Writing is not so scary after all:
The subject that had me the most anxious was Student Writing Intensive by IEW.  I knew the girls could understand some of the concepts, but I didn’t want to force them too early into “composition mode” as I didn’t want to rob them of the joy they have in writing stories with no structure .  I would much rather have them coming up to me to ask if they can go outside and sit on the swing set or in the grass to “be alone and write” than make them despise the whole process by being too rigid with my requirements.  However, both of them (and I) have absolutely loved the key word outlines.  Their reading comprehension has skyrocketed with this simple technique, and their writing is improving as well.  They are already doing the first dress-ups – who/which clauses (hah…hearing my five-year-old tell me that she wants to “do a who/which clause with this sentence since it would fit” is hilarious).  We use IEW’s simple source texts, and to date we have learned more about sea snakes, tarantulas, and pill bugs than I preferred to know in my whole lifetime.  The more comfortable they get with key word outlines, the easier the process of composition will be as I begin to require more of them.

Gaining a heart for the world:
We are using Sonlight’s Core B curriculum and I have to say that I am really impressed with their missions-based perspective. We’ve been reading about several major world religions along with our cultural studies, and it is giving the girls a heart to pray for unreached people.  Comparing the gospel of Yeshua to Buddhism and Hinduism is a real eye-opener.  Seeing the message of hope held up next to a message of trying to do enough good works to escape the horrors of this world has put in all of us an attitude of thanksgiving.  I want the children to understand enough about other belief systems to see how Jesus truly is the Light to the World.  We do not often consider the freedom He offers us until we see clearly what the “untouchables” in India face every day.  I want my girls to have a heart for the nations and I cannot wait for the day we are able to go on a mission trip together.  I delved into Missionary Stories With the Millers albeit with a bit of a heavy heart.  While martyrdom is an unavoidable part of the church, I do not relish forcing the girls to wrestle with very tough questions.  I might edit some of the heavier material, but I am not yet sure that I want to because for every story of death for the sake of the gospel, there are ten more stories of God’s miraculous faithfulness and mercy.  Young children in many places learn from a very young age that they may very well lose their lives because of the God they serve, so I believe the same God Who boosts their precious hearts of faith can gird up my daughters as they read about those children.  It’s going to be a delicate balance.

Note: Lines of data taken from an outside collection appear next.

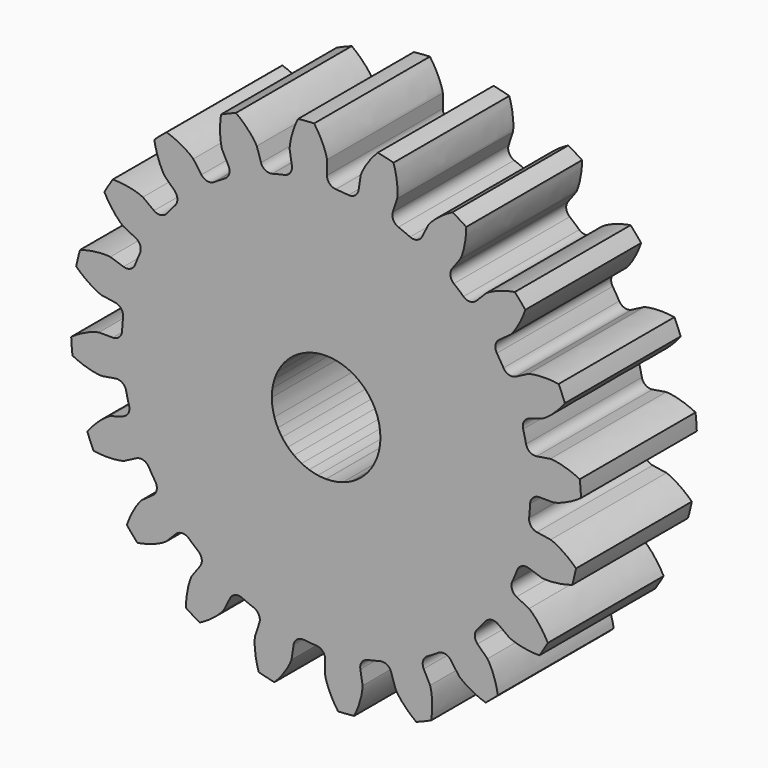
from build123d import *

# Parameters (mm, degrees)
F3_DEPTH        = 3.175
F3_COPIES_COUNT = 20
F4_R            = 0.2032


# Not quite as in the source:
# - a feature of the source that left no trace in its solid (it failed there, or was rolled back) is left out
# - a pattern or mirror of a feature is missing from the dataset's text; its kind, count and spacing are read off the source's solid


with BuildPart() as f3:
    # F2 (on Front) → F3 (new body)
    with BuildSketch(Plane.XZ):
        with BuildLine():
            add(Edge.make_bspline(
                [(-0.2623271276, 5.5922179347), (-0.1849689769, 5.4750736148), (-0.2062962503, 5.5111347034), (-0.1163695428, 5.3590826853), (-0.0738693263, 5.2704321119), (-0.034388462, 5.1765465004), (-0.009618674, 5.1074612872), (0.0141605918, 5.018472428), (0.0095740993, 5.0356364035), (0.0205723431, 4.9846737343)],
                knots=[0, 0, 0, 0, 0.1745368288, 0.3397849765, 0.4951362768, 0.6398645434, 0.7730772886, 0.8936346696, 1, 1, 1, 1], degree=3))
            ThreePointArc((-0.2623271276, 5.5922179347), (-0.4392428396, 5.5811094488), (-0.6157181757, 5.5644054561))
            add(Edge.make_bspline(
                [(-0.6157181757, 5.5644054561), (-0.6737985101, 5.4366018962), (-0.658375008, 5.4755553335), (-0.7234083924, 5.3113076917), (-0.7515173557, 5.2171000553), (-0.7758251996, 5.1181941637), (-0.789482722, 5.0460846555), (-0.799048301, 4.9544715001), (-0.7972033131, 4.9721416442), (-0.8000938325, 4.9200859055)],
                knots=[0, 0, 0, 0, 0.1745368288, 0.3397849765, 0.4951362768, 0.6398645434, 0.7730772886, 0.8936346696, 1, 1, 1, 1], degree=3))
            Line((-0.8000938325, 4.9200859055), (-0.719122101, 4.4221594638))
            ThreePointArc((-0.719122101, 4.4221594638), (-0.3515162836, 4.4664378672), (0.0184903645, 4.4802108238))
            Line((0.0184903645, 4.4802108238), (0.0205723431, 4.9846737343))
        make_face()
        with BuildLine():
            Line((0.0049138096, 1.1906148601), (0.0184903645, 4.4802108238))
            ThreePointArc((0.0184903645, 4.4802108238), (-0.3515162836, 4.4664378672), (-0.719122101, 4.4221594638))
            Line((-0.719122101, 4.4221594638), (-0.1911065111, 1.1751877263))
            ThreePointArc((-0.1911065111, 1.1751877263), (-0.0934153609, 1.1869547005), (0.0049138096, 1.1906148601))
        make_face()
        with BuildLine():
            ThreePointArc((4.4802489796, 0), (3.1745450348, 3.1614703448), (0.0184903645, 4.4802108238))
            Line((0.0184903645, 4.4802108238), (0.0049138096, 1.1906148601))
            ThreePointArc((0.0049138096, 1.1906148601), (0.8436345166, 0.8401599211), (1.190625, 0))
            ThreePointArc((1.190625, 0), (-0.7713791872, -0.9069520606), (-0.1911065111, 1.1751877263))
            Line((-0.1911065111, 1.1751877263), (-0.719122101, 4.4221594638))
            ThreePointArc((-0.719122101, 4.4221594638), (-2.9026526541, -3.4128050763), (4.4802489796, 0))
        make_face()
    extrude(amount=F3_DEPTH)

    # F3_copies: F3 ×20 about axis
    f3_copies_axis = Axis((0, 0, 0), (0, 1, 0))


with BuildPart() as f3_1:
    add(f3.part)
    for i in range(1, F3_COPIES_COUNT):
        add(f3.part.rotate(f3_copies_axis, i * 360 / F3_COPIES_COUNT))

    # F4
    f4_edges = [f3_1.edges().sort_by_distance(p)[0] for p in [
        (-0.719122, -1.5875, 4.422159),
        (-1.366876, -1.5875, 4.266648),
        (-2.050448, -1.5875, 3.983503),
        (-2.618443, -1.5875, 3.635435),
        (-3.181062, -1.5875, 3.154913),
        (-3.613698, -1.5875, 2.648361),
        (-4.000292, -1.5875, 2.017498),
        (-4.25522, -1.5875, 1.402047),
        (-4.427945, -1.5875, 0.682597),
        (-4.480211, -1.5875, 0.01849),
        (-4.422159, -1.5875, -0.719122),
        (-4.266648, -1.5875, -1.366876),
        (-3.983503, -1.5875, -2.050448),
        (-3.635435, -1.5875, -2.618443),
        (-3.154913, -1.5875, -3.181062),
        (-2.648361, -1.5875, -3.613698),
        (-2.017498, -1.5875, -4.000292),
        (-1.402047, -1.5875, -4.25522),
        (-0.682597, -1.5875, -4.427945),
        (-0.01849, -1.5875, -4.480211),
        (0.719122, -1.5875, -4.422159),
        (1.366876, -1.5875, -4.266648),
        (2.050448, -1.5875, -3.983503),
        (2.618443, -1.5875, -3.635435),
        (3.181062, -1.5875, -3.154913),
        (3.613698, -1.5875, -2.648361),
        (4.000292, -1.5875, -2.017498),
        (4.25522, -1.5875, -1.402047),
        (4.427945, -1.5875, -0.682597),
        (4.480211, -1.5875, -0.01849),
        (4.422159, -1.5875, 0.719122),
        (4.266648, -1.5875, 1.366876),
        (3.983503, -1.5875, 2.050448),
        (3.635435, -1.5875, 2.618443),
        (3.154913, -1.5875, 3.181062),
        (2.648361, -1.5875, 3.613698),
        (2.017498, -1.5875, 4.000292),
        (1.402047, -1.5875, 4.25522),
        (0.682597, -1.5875, 4.427945),
        (0.01849, -1.5875, 4.480211),
    ]]
    fillet(f4_edges, radius=F4_R)


solid = f3_1.part

A heart-warming story about a spider and Lot’s daughters have a “great idea”:  
Charlotte’s Web is much more enjoyable this time around.  I read it to the girls when they were younger, but this time they are beginning to understand the subtle messages throughout the book.  The concept of believing something just because someone who is influential says it is so is a poignant topic in an election year.  But I digress.  The girls have moved beyond Bible story books and have each received a real Bible from Mom and Dad.  Since NASB is quite out of reach for them, we settled on the NIrV for the girls.  It is the perfect fit – just challenging enough for their reading level yet easily understandable.  I wanted some more meat added to the Bible curriculum that Sonlight offers, so we are going through Greenleaf Guide to Old Testament History as well.  It is meant for a variety of age groups so we will be able to go through it again and again.  This year, we are only reading and discussing some of the more simple topics.   I seriously have to take myself out of censored-Bible-storybook mode because Genesis is not really child-friendly if you’re reading straight through.  The NIrV didn’t exactly edit out that excerpt about Lot’s daughters getting him drunk and then getting pregnant by him while being holed up in some mountain cave.  It is a relevant Bible translation after all.  Selah had the strangest look on her face.  “Mommy, that’s not good, right?”  “No, honey, Torah says we shouldn’t do that.”  And that is where we left it.